Microsatellite status is an important biomarker in the evaluation of stage II CRC. Microsatellite stability is a marker of a functioning DNA mismatch repair system. In patients with colon cancer, tumor microsatellite stability is classified based on the percentage of abnormal microsatellite regions.⁵² Several studies have shown that patients with tumors that display high microsatellite instability (MSI-H) have an improved prognosis over patients with microsatellite stable tumors.^53,54 While patients with stage II MSI-H colon cancer have better outcomes, MSI is associated with a reduced response to treatment with fluoropyrimidines, as demonstrated in a systematic review that found that patients with tumors with MSI obtained no benefit from adjuvant 5-FU (HR 1.24 [95% CI 0.72 to 2.14]).⁵⁵ Aparicio and colleagues reported an increased prevalence of MSI-H tumors with increasing age.⁵⁶ Therefore, mismatch repair phenotype should be considered when making adjuvant chemotherapy decisions in the older adult with colon cancer, as it may affect the decision to recommend single-agent 5-FU treatment.

Stage III Disease

The use of single-agent 5-FU for stage III resected CRC has been evaluated in multiple studies. Sargent et al performed a pooled analysis of 3351 patients from 7 randomized phase 3 trials comparing surgery and adjuvant 5-FU-based chemotherapy versus surgery alone in stage II or III colon cancer patients.⁵⁷Adjuvant chemotherapy was associated with improvement in both OS and time to tumor recurrence (HR 0.76 and 0.68, respectively). The 5-year OS was 71% for those who received adjuvant treatment and 64% for those who were treated with surgery alone.
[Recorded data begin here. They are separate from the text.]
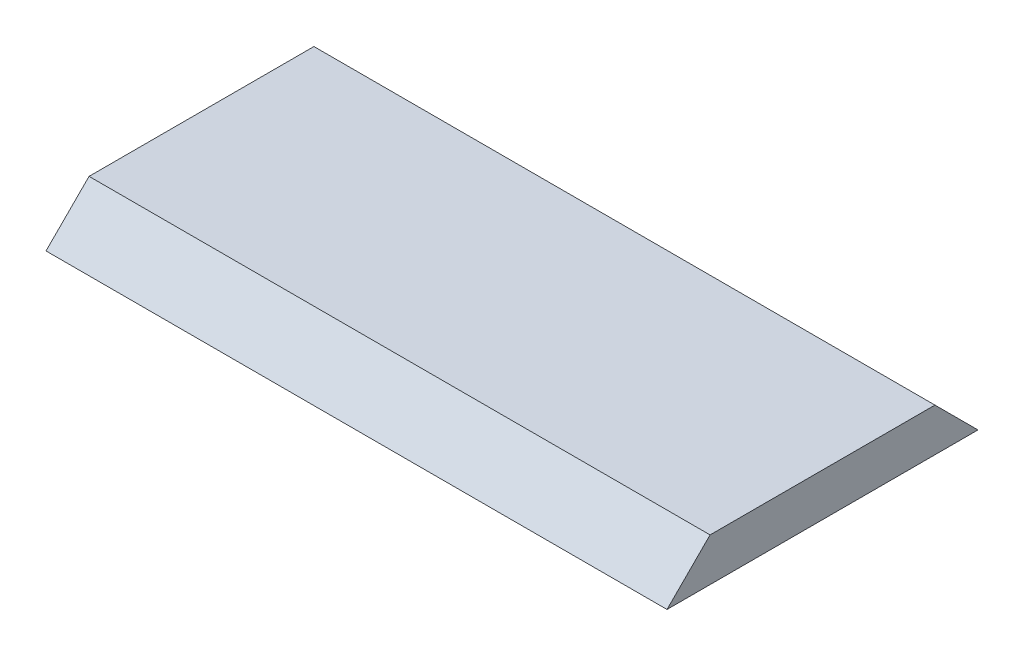
ISO-10303-21;
HEADER;
FILE_DESCRIPTION(('STEP AP214'),'2;1');
FILE_NAME('part.step','',(''),(''),'','','');
FILE_SCHEMA(('AUTOMOTIVE_DESIGN { 1 0 10303 214 1 1 1 1 }'));
ENDSEC;
DATA;
#1=APPLICATION_CONTEXT('core data for automotive mechanical design processes');
#2=APPLICATION_PROTOCOL_DEFINITION('international standard','automotive_design',2000,#1);
#3=PRODUCT_CONTEXT('',#1,'mechanical');
#4=PRODUCT('Part','Part','',(#3));
#5=PRODUCT_RELATED_PRODUCT_CATEGORY('part','',(#4));
#6=PRODUCT_DEFINITION_FORMATION('','',#4);
#7=PRODUCT_DEFINITION_CONTEXT('part definition',#1,'design');
#8=PRODUCT_DEFINITION('design','',#6,#7);
#9=PRODUCT_DEFINITION_SHAPE('','',#8);
#10=(LENGTH_UNIT() NAMED_UNIT(*) SI_UNIT(.MILLI.,.METRE.));
#11=(NAMED_UNIT(*) PLANE_ANGLE_UNIT() SI_UNIT($,.RADIAN.));
#12=(NAMED_UNIT(*) SI_UNIT($,.STERADIAN.) SOLID_ANGLE_UNIT());
#13=UNCERTAINTY_MEASURE_WITH_UNIT(LENGTH_MEASURE(1.E-05),#10,'distance_accuracy_value','');
#14=(GEOMETRIC_REPRESENTATION_CONTEXT(3) GLOBAL_UNCERTAINTY_ASSIGNED_CONTEXT((#13)) GLOBAL_UNIT_ASSIGNED_CONTEXT((#10,
#11,#12)) REPRESENTATION_CONTEXT('',''));
#15=CARTESIAN_POINT('',(0.,0.,0.));
#16=DIRECTION('',(0.,0.,1.));
#17=DIRECTION('',(1.,0.,0.));
#18=AXIS2_PLACEMENT_3D('',#15,#16,#17);
#19=CARTESIAN_POINT('',(64.9,9.,-32.5));
#20=DIRECTION('',(-1.,0.,0.));
#21=DIRECTION('',(0.,0.,1.));
#22=AXIS2_PLACEMENT_3D('',#19,#20,#21);
#23=PLANE('',#22);
#24=DIRECTION('',(0.,0.,-1.));
#25=VECTOR('',#24,1.);
#26=CARTESIAN_POINT('',(64.9,9.,-32.5));
#27=LINE('',#26,#25);
#28=CARTESIAN_POINT('',(64.9,9.,23.5));
#29=VERTEX_POINT('',#28);
#30=CARTESIAN_POINT('',(64.9,9.,-23.5));
#31=VERTEX_POINT('',#30);
#32=EDGE_CURVE('E110',#29,#31,#27,.T.);
#33=ORIENTED_EDGE('',*,*,#32,.F.);
#34=DIRECTION('',(0.,-0.707106781186549,0.707106781186546));
#35=VECTOR('',#34,1.);
#36=CARTESIAN_POINT('',(64.9,8.99999999999999,23.5));
#37=LINE('',#36,#35);
#38=CARTESIAN_POINT('',(64.9,0.,32.5));
#39=VERTEX_POINT('',#38);
#40=EDGE_CURVE('E95',#29,#39,#37,.T.);
#41=ORIENTED_EDGE('',*,*,#40,.T.);
#42=DIRECTION('',(0.,0.,-1.));
#43=VECTOR('',#42,1.);
#44=CARTESIAN_POINT('',(64.9,0.,-32.5));
#45=LINE('',#44,#43);
#46=CARTESIAN_POINT('',(64.9,0.,-32.5));
#47=VERTEX_POINT('',#46);
#48=EDGE_CURVE('E86',#39,#47,#45,.T.);
#49=ORIENTED_EDGE('',*,*,#48,.T.);
#50=DIRECTION('',(0.,0.707106781186549,0.707106781186546));
#51=VECTOR('',#50,1.);
#52=CARTESIAN_POINT('',(64.9,9.00000000000001,-23.5));
#53=LINE('',#52,#51);
#54=EDGE_CURVE('E93',#47,#31,#53,.T.);
#55=ORIENTED_EDGE('',*,*,#54,.T.);
#56=EDGE_LOOP('',(#33,#41,#49,#55));
#57=FACE_BOUND('',#56,.T.);
#58=ADVANCED_FACE('F41',(#57),#23,.F.);
#59=CARTESIAN_POINT('',(-64.9,9.,-32.5));
#60=DIRECTION('',(1.,0.,0.));
#61=DIRECTION('',(0.,0.,-1.));
#62=AXIS2_PLACEMENT_3D('',#59,#60,#61);
#63=PLANE('',#62);
#64=DIRECTION('',(0.,0.,1.));
#65=VECTOR('',#64,1.);
#66=CARTESIAN_POINT('',(-64.9,0.,-32.5));
#67=LINE('',#66,#65);
#68=CARTESIAN_POINT('',(-64.9,0.,-32.5));
#69=VERTEX_POINT('',#68);
#70=CARTESIAN_POINT('',(-64.9,0.,32.5));
#71=VERTEX_POINT('',#70);
#72=EDGE_CURVE('E88',#69,#71,#67,.T.);
#73=ORIENTED_EDGE('',*,*,#72,.T.);
#74=DIRECTION('',(0.,0.707106781186549,-0.707106781186546));
#75=VECTOR('',#74,1.);
#76=CARTESIAN_POINT('',(-64.9,8.99999999999999,23.5));
#77=LINE('',#76,#75);
#78=CARTESIAN_POINT('',(-64.9,9.,23.5));
#79=VERTEX_POINT('',#78);
#80=EDGE_CURVE('E11',#71,#79,#77,.T.);
#81=ORIENTED_EDGE('',*,*,#80,.T.);
#82=DIRECTION('',(0.,0.,1.));
#83=VECTOR('',#82,1.);
#84=CARTESIAN_POINT('',(-64.9,9.,-32.5));
#85=LINE('',#84,#83);
#86=CARTESIAN_POINT('',(-64.9,9.,-23.5));
#87=VERTEX_POINT('',#86);
#88=EDGE_CURVE('E106',#87,#79,#85,.T.);
#89=ORIENTED_EDGE('',*,*,#88,.F.);
#90=DIRECTION('',(0.,-0.707106781186549,-0.707106781186546));
#91=VECTOR('',#90,1.);
#92=CARTESIAN_POINT('',(-64.9,9.00000000000001,-23.5));
#93=LINE('',#92,#91);
#94=EDGE_CURVE('E50',#87,#69,#93,.T.);
#95=ORIENTED_EDGE('',*,*,#94,.T.);
#96=EDGE_LOOP('',(#73,#81,#89,#95));
#97=FACE_BOUND('',#96,.T.);
#98=ADVANCED_FACE('F105',(#97),#63,.F.);
#99=CARTESIAN_POINT('',(0.,9.,0.));
#100=DIRECTION('',(0.,1.,0.));
#101=DIRECTION('',(0.,0.,1.));
#102=AXIS2_PLACEMENT_3D('',#99,#100,#101);
#103=PLANE('',#102);
#104=ORIENTED_EDGE('',*,*,#88,.T.);
#105=DIRECTION('',(1.,0.,0.));
#106=VECTOR('',#105,1.);
#107=CARTESIAN_POINT('',(64.9,9.,23.5));
#108=LINE('',#107,#106);
#109=EDGE_CURVE('E99',#79,#29,#108,.T.);
#110=ORIENTED_EDGE('',*,*,#109,.T.);
#111=ORIENTED_EDGE('',*,*,#32,.T.);
#112=DIRECTION('',(-1.,0.,0.));
#113=VECTOR('',#112,1.);
#114=CARTESIAN_POINT('',(-64.9,9.,-23.5));
#115=LINE('',#114,#113);
#116=EDGE_CURVE('E98',#31,#87,#115,.T.);
#117=ORIENTED_EDGE('',*,*,#116,.T.);
#118=EDGE_LOOP('',(#104,#110,#111,#117));
#119=FACE_BOUND('',#118,.T.);
#120=ADVANCED_FACE('F152',(#119),#103,.T.);
#121=CARTESIAN_POINT('',(0.,0.,0.));
#122=DIRECTION('',(0.,1.,0.));
#123=DIRECTION('',(0.,0.,1.));
#124=AXIS2_PLACEMENT_3D('',#121,#122,#123);
#125=PLANE('',#124);
#126=CARTESIAN_POINT('',(-32.45,0.,-20.));
#127=DIRECTION('',(0.,1.,0.));
#128=DIRECTION('',(0.,0.,1.));
#129=AXIS2_PLACEMENT_3D('',#126,#127,#128);
#130=CIRCLE('',#129,3.35000000000003);
#131=CARTESIAN_POINT('',(-32.45,0.,-16.65));
#132=VERTEX_POINT('',#131);
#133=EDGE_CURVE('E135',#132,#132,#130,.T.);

The benefit of adjuvant treatment was independent of age, and there was no difference in toxicity across age groups, except for 1 study which showed increased rates of leukopenia in the elderly. The oral fluoropyrimidine capecitabine was shown to be an effective alternative to 5-FU plus leucovorin as adjuvant treatment for those with resected stage III colon cancer.⁵⁸ However, in the subgroup analysis of DFS in the intention-to-treat group, the improvement in DFS was not statistically significant in those aged ≥ 70 years. This study justified the phase 3 Xeloda in Adjuvant Colon Cancer Therapy (X-ACT) trial, which compared capecitabine and 5-FU/leucovorin as adjuvant therapy in patients with resected stage III colon cancer.⁵⁹ The X-ACT trial showed no significant effect of age on DFS or OS.